Search the records that follow and extract every line containing the string "units".

· · · · ·

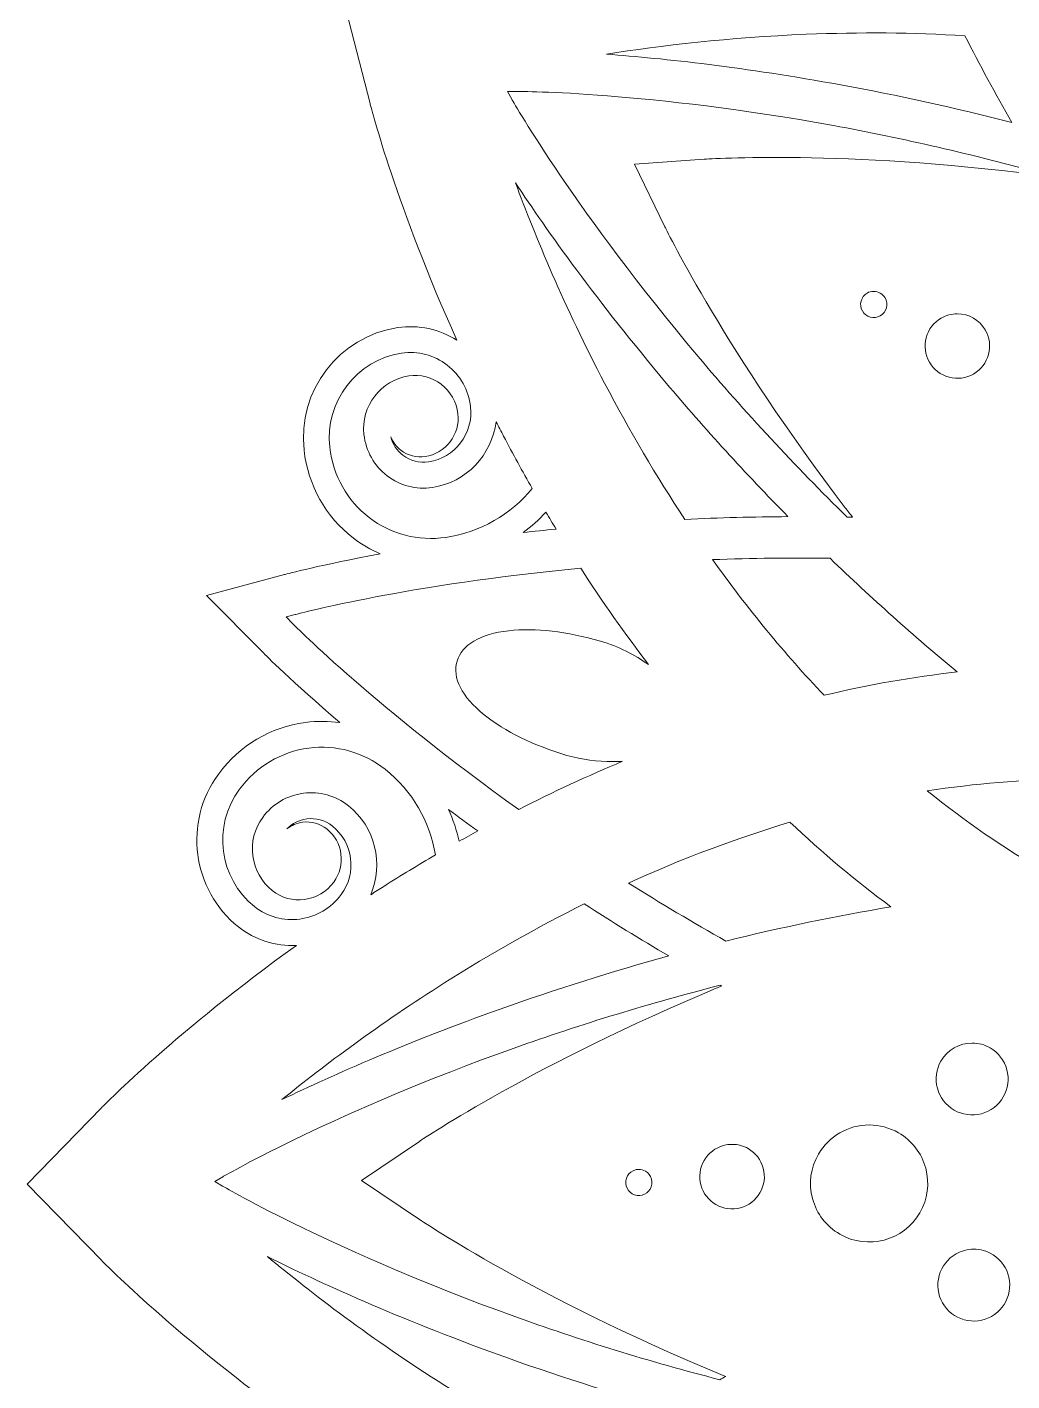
# Model space of a CAD drawing. Header units: millimetres. Extents: x -17 to 2094, y -143 to 314.
# Drawn here: x 1148.1 to 1242.7, y 67.2 to 197.3 of the extents above; entities that cross this region are included whole.
import ezdxf

# ---------------------------------------------------------------- set-up
doc = ezdxf.new("R2010")
doc.units = ezdxf.units.MM
doc.header["$MEASUREMENT"] = 0
doc.layers.add('Layer 6', color=7, linetype='Continuous')

msp = doc.modelspace()

# ---------------------------------------------------------------- linework, layer by layer
at = {"layer": 'Layer 6', "lineweight": 0}
for points, knots in [([(1596.07, 93.78), (1596.07, 93.78), (1596.07, 93.78), (1596.07, 93.78), (1595.72, 94.14), (1588.73, 101.25), (1577.12, 109.56), (1579.29, 109.32), (1581.43, 109.93), (1583.16, 111.3), (1587.62, 114.82), (1588.48, 121.42), (1585.07, 126.01), (1583.03, 128.75), (1580.07, 130.51), (1576.74, 130.95), (1575.59, 131.1), (1574.45, 131.09), (1573.34, 130.92), (1577.51, 134.5), (1579.83, 136.8), (1580, 136.97), (1580, 136.97), (1585.47, 142.45), (1585.47, 142.45), (1585.47, 142.45), (1578.02, 144.49), (1578.02, 144.49), (1577.77, 144.56), (1574.21, 145.53), (1568.15, 146.65), (1569.48, 147.07), (1570.74, 147.73), (1571.88, 148.6), (1574.54, 150.65), (1576.22, 153.65), (1576.62, 157.05), (1577.27, 162.73), (1573.23, 168.02), (1567.61, 168.83), (1565.56, 169.13), (1563.52, 168.67), (1561.83, 167.54), (1567.58, 180.31), (1570.02, 189.74), (1570.14, 190.22), (1570.14, 190.22), (1572.68, 200.18), (1572.68, 200.18), (1572.68, 200.18), (1562.79, 202.96), (1562.79, 202.96), (1562.3, 203.09), (1552.74, 205.75), (1538.6, 207.14), (1540.57, 208.02), (1542.09, 209.61), (1542.9, 211.64), (1545, 216.91), (1542.44, 223.06), (1537.19, 225.33), (1534.06, 226.68), (1530.62, 226.73), (1527.51, 225.44), (1526.36, 224.97), (1525.3, 224.33), (1524.36, 223.55), (1526.28, 228.95), (1527.17, 232.24), (1527.24, 232.48), (1527.24, 232.48), (1529.24, 239.96), (1529.24, 239.96), (1529.24, 239.96), (1521.77, 238.01), (1521.77, 238.01), (1521.52, 237.94), (1518.1, 237.04), (1512.51, 235.07), (1513.32, 236.03), (1513.98, 237.11), (1514.48, 238.3), (1515.76, 241.41), (1515.72, 244.84), (1514.36, 247.98), (1512.09, 253.23), (1505.95, 255.79), (1500.67, 253.68), (1498.71, 252.9), (1497.16, 251.46), (1496.26, 249.58), (1494.86, 263.59), (1492.24, 273.03), (1492.1, 273.52), (1492.1, 273.52), (1489.32, 283.41), (1489.32, 283.41), (1489.32, 283.41), (1479.37, 280.87), (1479.37, 280.87), (1478.88, 280.75), (1469.34, 278.28), (1456.47, 272.46), (1457.67, 274.18), (1458.17, 276.28), (1457.86, 278.4), (1457.05, 284.02), (1451.76, 288.06), (1446.08, 287.4), (1442.68, 287.01), (1439.69, 285.33), (1437.64, 282.66), (1436.85, 281.64), (1436.24, 280.52), (1435.82, 279.34), (1434.76, 285.17), (1433.85, 288.57), (1433.79, 288.82), (1433.79, 288.82), (1431.78, 296.29), (1431.78, 296.29), (1431.78, 296.29), (1426.28, 290.86), (1426.28, 290.86), (1426.28, 290.86), (1426.26, 290.83), (1426.26, 290.83), (1425.55, 290.12), (1423.22, 287.74), (1419.89, 283.87), (1420.05, 284.98), (1420.07, 286.13), (1419.92, 287.28), (1419.47, 290.61), (1417.72, 293.57), (1414.98, 295.6), (1410.38, 299.02), (1403.78, 298.16), (1400.27, 293.7), (1398.95, 292.03), (1398.33, 289.99), (1398.5, 287.9), (1390.26, 299.38), (1383.24, 306.28), (1382.88, 306.63), (1382.88, 306.63), (1375.52, 313.81), (1375.52, 313.81), (1375.52, 313.81), (1368.17, 306.63), (1368.17, 306.63), (1367.81, 306.28), (1360.82, 299.41), (1352.61, 287.99), (1352.76, 290.04), (1352.14, 292.05), (1350.84, 293.7), (1347.32, 298.16), (1340.72, 299.02), (1336.13, 295.6), (1333.39, 293.57), (1331.63, 290.61), (1331.19, 287.28), (1331.03, 286.04), (1331.05, 284.81), (1331.25, 283.61), (1327.38, 288.17), (1324.87, 290.7), (1324.69, 290.88), (1324.69, 290.88), (1319.21, 296.35), (1319.21, 296.35), (1319.21, 296.35), (1317.17, 288.9), (1317.17, 288.9), (1317.11, 288.66), (1316.2, 285.34), (1315.13, 279.66), (1314.73, 280.63), (1314.19, 281.56), (1313.54, 282.42), (1311.49, 285.08), (1308.49, 286.76), (1305.09, 287.15), (1299.41, 287.81), (1294.12, 283.77), (1293.31, 278.15), (1293.01, 276.06), (1293.49, 273.99), (1294.66, 272.27), (1281.77, 278.1), (1272.21, 280.58), (1271.73, 280.7), (1271.73, 280.7), (1261.77, 283.24), (1261.77, 283.24), (1261.77, 283.24), (1258.99, 273.35), (1258.99, 273.35), (1258.85, 272.87), (1256.24, 263.44), (1254.84, 249.48), (1253.93, 251.28), (1252.41, 252.67), (1250.5, 253.44), (1245.23, 255.54), (1239.08, 252.98), (1236.81, 247.73), (1235.46, 244.6), (1235.41, 241.16), (1236.7, 238.05), (1237.13, 236.99), (1237.71, 236.01), (1238.41, 235.14), (1232.83, 237.13), (1229.43, 238.05), (1229.18, 238.11), (1229.18, 238.11), (1221.7, 240.12), (1221.7, 240.12), (1221.7, 240.12), (1223.66, 232.64), (1223.66, 232.64), (1223.72, 232.39), (1224.62, 229), (1226.57, 223.45), (1225.74, 224.08), (1224.83, 224.61), (1223.84, 225.01), (1220.73, 226.3), (1217.3, 226.25), (1214.16, 224.9), (1208.91, 222.63), (1206.35, 216.48), (1208.46, 211.21), (1209.23, 209.27), (1210.65, 207.73), (1212.49, 206.83), (1198.42, 205.44), (1188.91, 202.8), (1188.43, 202.66), (1188.43, 202.66), (1178.54, 199.89), (1178.54, 199.89), (1178.54, 199.89), (1181.08, 189.93), (1181.08, 189.93), (1181.2, 189.44), (1183.65, 179.98), (1189.42, 167.18), (1187.75, 168.26), (1185.76, 168.69), (1183.74, 168.4), (1178.12, 167.58), (1174.08, 162.3), (1174.74, 156.61), (1175.13, 153.22), (1176.81, 150.22), (1179.48, 148.17), (1180.28, 147.55), (1181.15, 147.05), (1182.06, 146.65), (1176.39, 145.61), (1173.09, 144.73), (1172.85, 144.66), (1172.85, 144.66), (1165.37, 142.66), (1165.37, 142.66), (1165.37, 142.66), (1170.8, 137.16), (1170.8, 137.16), (1170.98, 136.98), (1173.55, 134.4), (1178.18, 130.44), (1177.09, 130.59), (1175.98, 130.6), (1174.86, 130.45), (1171.53, 130.01), (1168.57, 128.26), (1166.54, 125.51), (1163.12, 120.92), (1163.98, 114.32), (1168.44, 110.8), (1170.05, 109.54), (1172, 108.92), (1174, 109.02), (1162.55, 100.8), (1155.66, 93.8), (1155.31, 93.44), (1155.31, 93.44), (1148.14, 86.08), (1148.14, 86.08), (1148.14, 86.08), (1155.31, 78.73), (1155.31, 78.73), (1155.66, 78.37), (1162.55, 71.37), (1173.98, 63.16), (1171.98, 63.26), (1170.04, 62.64), (1168.44, 61.38), (1163.98, 57.86), (1163.12, 51.26), (1166.54, 46.67), (1168.57, 43.92), (1171.53, 42.17), (1174.86, 41.73), (1175.75, 41.61), (1176.64, 41.59), (1177.51, 41.67), (1173.3, 38.07), (1170.96, 35.75), (1170.79, 35.57), (1170.79, 35.57), (1165.31, 30.09), (1165.31, 30.09), (1165.31, 30.09), (1172.76, 28.05), (1172.76, 28.05), (1173.02, 27.98), (1176.68, 26.98), (1182.91, 25.84), (1181.78, 25.42), (1180.71, 24.83), (1179.72, 24.07), (1177.06, 22.02), (1175.38, 19.03), (1174.99, 15.63), (1174.33, 9.95), (1178.37, 4.66), (1183.99, 3.85), (1185.97, 3.56), (1187.92, 3.97), (1189.58, 5.01), (1183.81, -7.79), (1181.37, -17.23), (1181.25, -17.71), (1181.25, -17.71), (1178.71, -27.67), (1178.71, -27.67), (1178.71, -27.67), (1188.6, -30.45), (1188.6, -30.45), (1189.09, -30.59), (1198.6, -33.22), (1212.67, -34.62), (1210.86, -35.53), (1209.47, -37.05), (1208.7, -38.96), (1206.6, -44.24), (1209.16, -50.38), (1214.41, -52.65), (1217.54, -54.01), (1220.98, -54.05), (1224.09, -52.77), (1224.84, -52.46), (1225.54, -52.08), (1226.2, -51.64), (1224.43, -56.67), (1223.61, -59.71), (1223.55, -59.94), (1223.55, -59.94), (1221.55, -67.42), (1221.55, -67.42), (1221.55, -67.42), (1229.02, -65.47), (1229.02, -65.47), (1229.29, -65.4), (1233.09, -64.39), (1239.28, -62.17), (1238.39, -63.18), (1237.66, -64.34), (1237.13, -65.62), (1235.84, -68.73), (1235.89, -72.17), (1237.24, -75.3), (1239.51, -80.55), (1245.66, -83.11), (1250.93, -81.01), (1252.76, -80.28), (1254.23, -78.97), (1255.15, -77.29), (1256.55, -91.18), (1259.15, -100.53), (1259.28, -101.01), (1259.28, -101.01), (1262.06, -110.9), (1262.06, -110.9), (1262.06, -110.9), (1272.02, -108.36), (1272.02, -108.36), (1272.51, -108.24), (1282.12, -105.75), (1295.06, -99.88), (1293.91, -101.59), (1293.44, -103.64), (1293.74, -105.72), (1294.55, -111.34), (1299.84, -115.38), (1305.52, -114.73), (1308.92, -114.33), (1311.92, -112.65), (1313.97, -109.99), (1314.44, -109.37), (1314.85, -108.71), (1315.19, -108.03), (1316.16, -113.1), (1316.94, -116.05), (1317, -116.28), (1317, -116.28), (1319.01, -123.75), (1319.01, -123.75), (1319.01, -123.75), (1324.5, -118.32), (1324.5, -118.32), (1324.5, -118.32), (1324.6, -118.23), (1324.6, -118.23), (1325.08, -117.74), (1327.86, -114.93), (1331.92, -110.12), (1331.57, -111.57), (1331.48, -113.08), (1331.69, -114.6), (1332.13, -117.93), (1333.88, -120.89), (1336.63, -122.93), (1341.22, -126.34), (1347.82, -125.48), (1351.34, -121.02), (1352.55, -119.49), (1353.16, -117.63), (1353.13, -115.73), (1361.26, -127.01), (1368.16, -133.78), (1368.51, -134.13), (1368.51, -134.13), (1375.86, -141.3), (1375.86, -141.3), (1375.86, -141.3), (1383.22, -134.13), (1383.22, -134.13), (1383.58, -133.77), (1390.69, -126.78), (1399, -115.17), (1398.82, -117.27), (1399.44, -119.34), (1400.76, -121.02), (1404.28, -125.48), (1410.88, -126.34), (1415.47, -122.93), (1418.22, -120.89), (1419.97, -117.93), (1420.41, -114.6), (1420.52, -113.79), (1420.55, -112.99), (1420.49, -112.2), (1423.81, -116.05), (1425.93, -118.17), (1426.1, -118.34), (1426.1, -118.34), (1431.57, -123.81), (1431.57, -123.81), (1431.57, -123.81), (1433.62, -116.36), (1433.62, -116.36), (1433.69, -116.09), (1434.76, -112.15), (1435.96, -105.48), (1436.37, -107.01), (1437.08, -108.45), (1438.07, -109.74), (1440.12, -112.4), (1443.11, -114.08), (1446.51, -114.48), (1452.19, -115.13), (1457.48, -111.1), (1458.29, -105.47), (1458.57, -103.53), (1458.18, -101.61), (1457.18, -99.97), (1469.86, -105.66), (1479.18, -108.07), (1479.66, -108.19), (1479.66, -108.19), (1489.62, -110.73), (1489.62, -110.73), (1489.62, -110.73), (1492.4, -100.84), (1492.4, -100.84), (1492.53, -100.35), (1495.21, -90.7), (1496.6, -76.46), (1497.48, -78.42), (1499.07, -79.95), (1501.1, -80.76), (1506.38, -82.86), (1512.52, -80.31), (1514.79, -75.05), (1516.15, -71.92), (1516.19, -68.48), (1514.91, -65.37), (1514.56, -64.54), (1514.13, -63.76), (1513.62, -63.04), (1518.46, -64.72), (1521.38, -65.51), (1521.61, -65.57), (1521.61, -65.57), (1529.09, -67.58), (1529.09, -67.58), (1529.09, -67.58), (1527.13, -60.1), (1527.13, -60.1), (1527.06, -59.84), (1526.04, -55.96), (1523.78, -49.67), (1524.9, -50.8), (1526.25, -51.71), (1527.76, -52.34), (1530.87, -53.62), (1534.31, -53.58), (1537.44, -52.22), (1542.69, -49.95), (1545.25, -43.81), (1543.15, -38.53), (1542.41, -36.68), (1541.08, -35.19), (1539.36, -34.28), (1553.19, -32.87), (1562.48, -30.29), (1562.96, -30.16), (1562.96, -30.16), (1572.85, -27.38), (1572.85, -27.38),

· · · · ·

**Answer**:
# Model space of a CAD drawing. Header units: millimetres. Extents: x -17 to 2094, y -143 to 314.
doc.units = ezdxf.units.MM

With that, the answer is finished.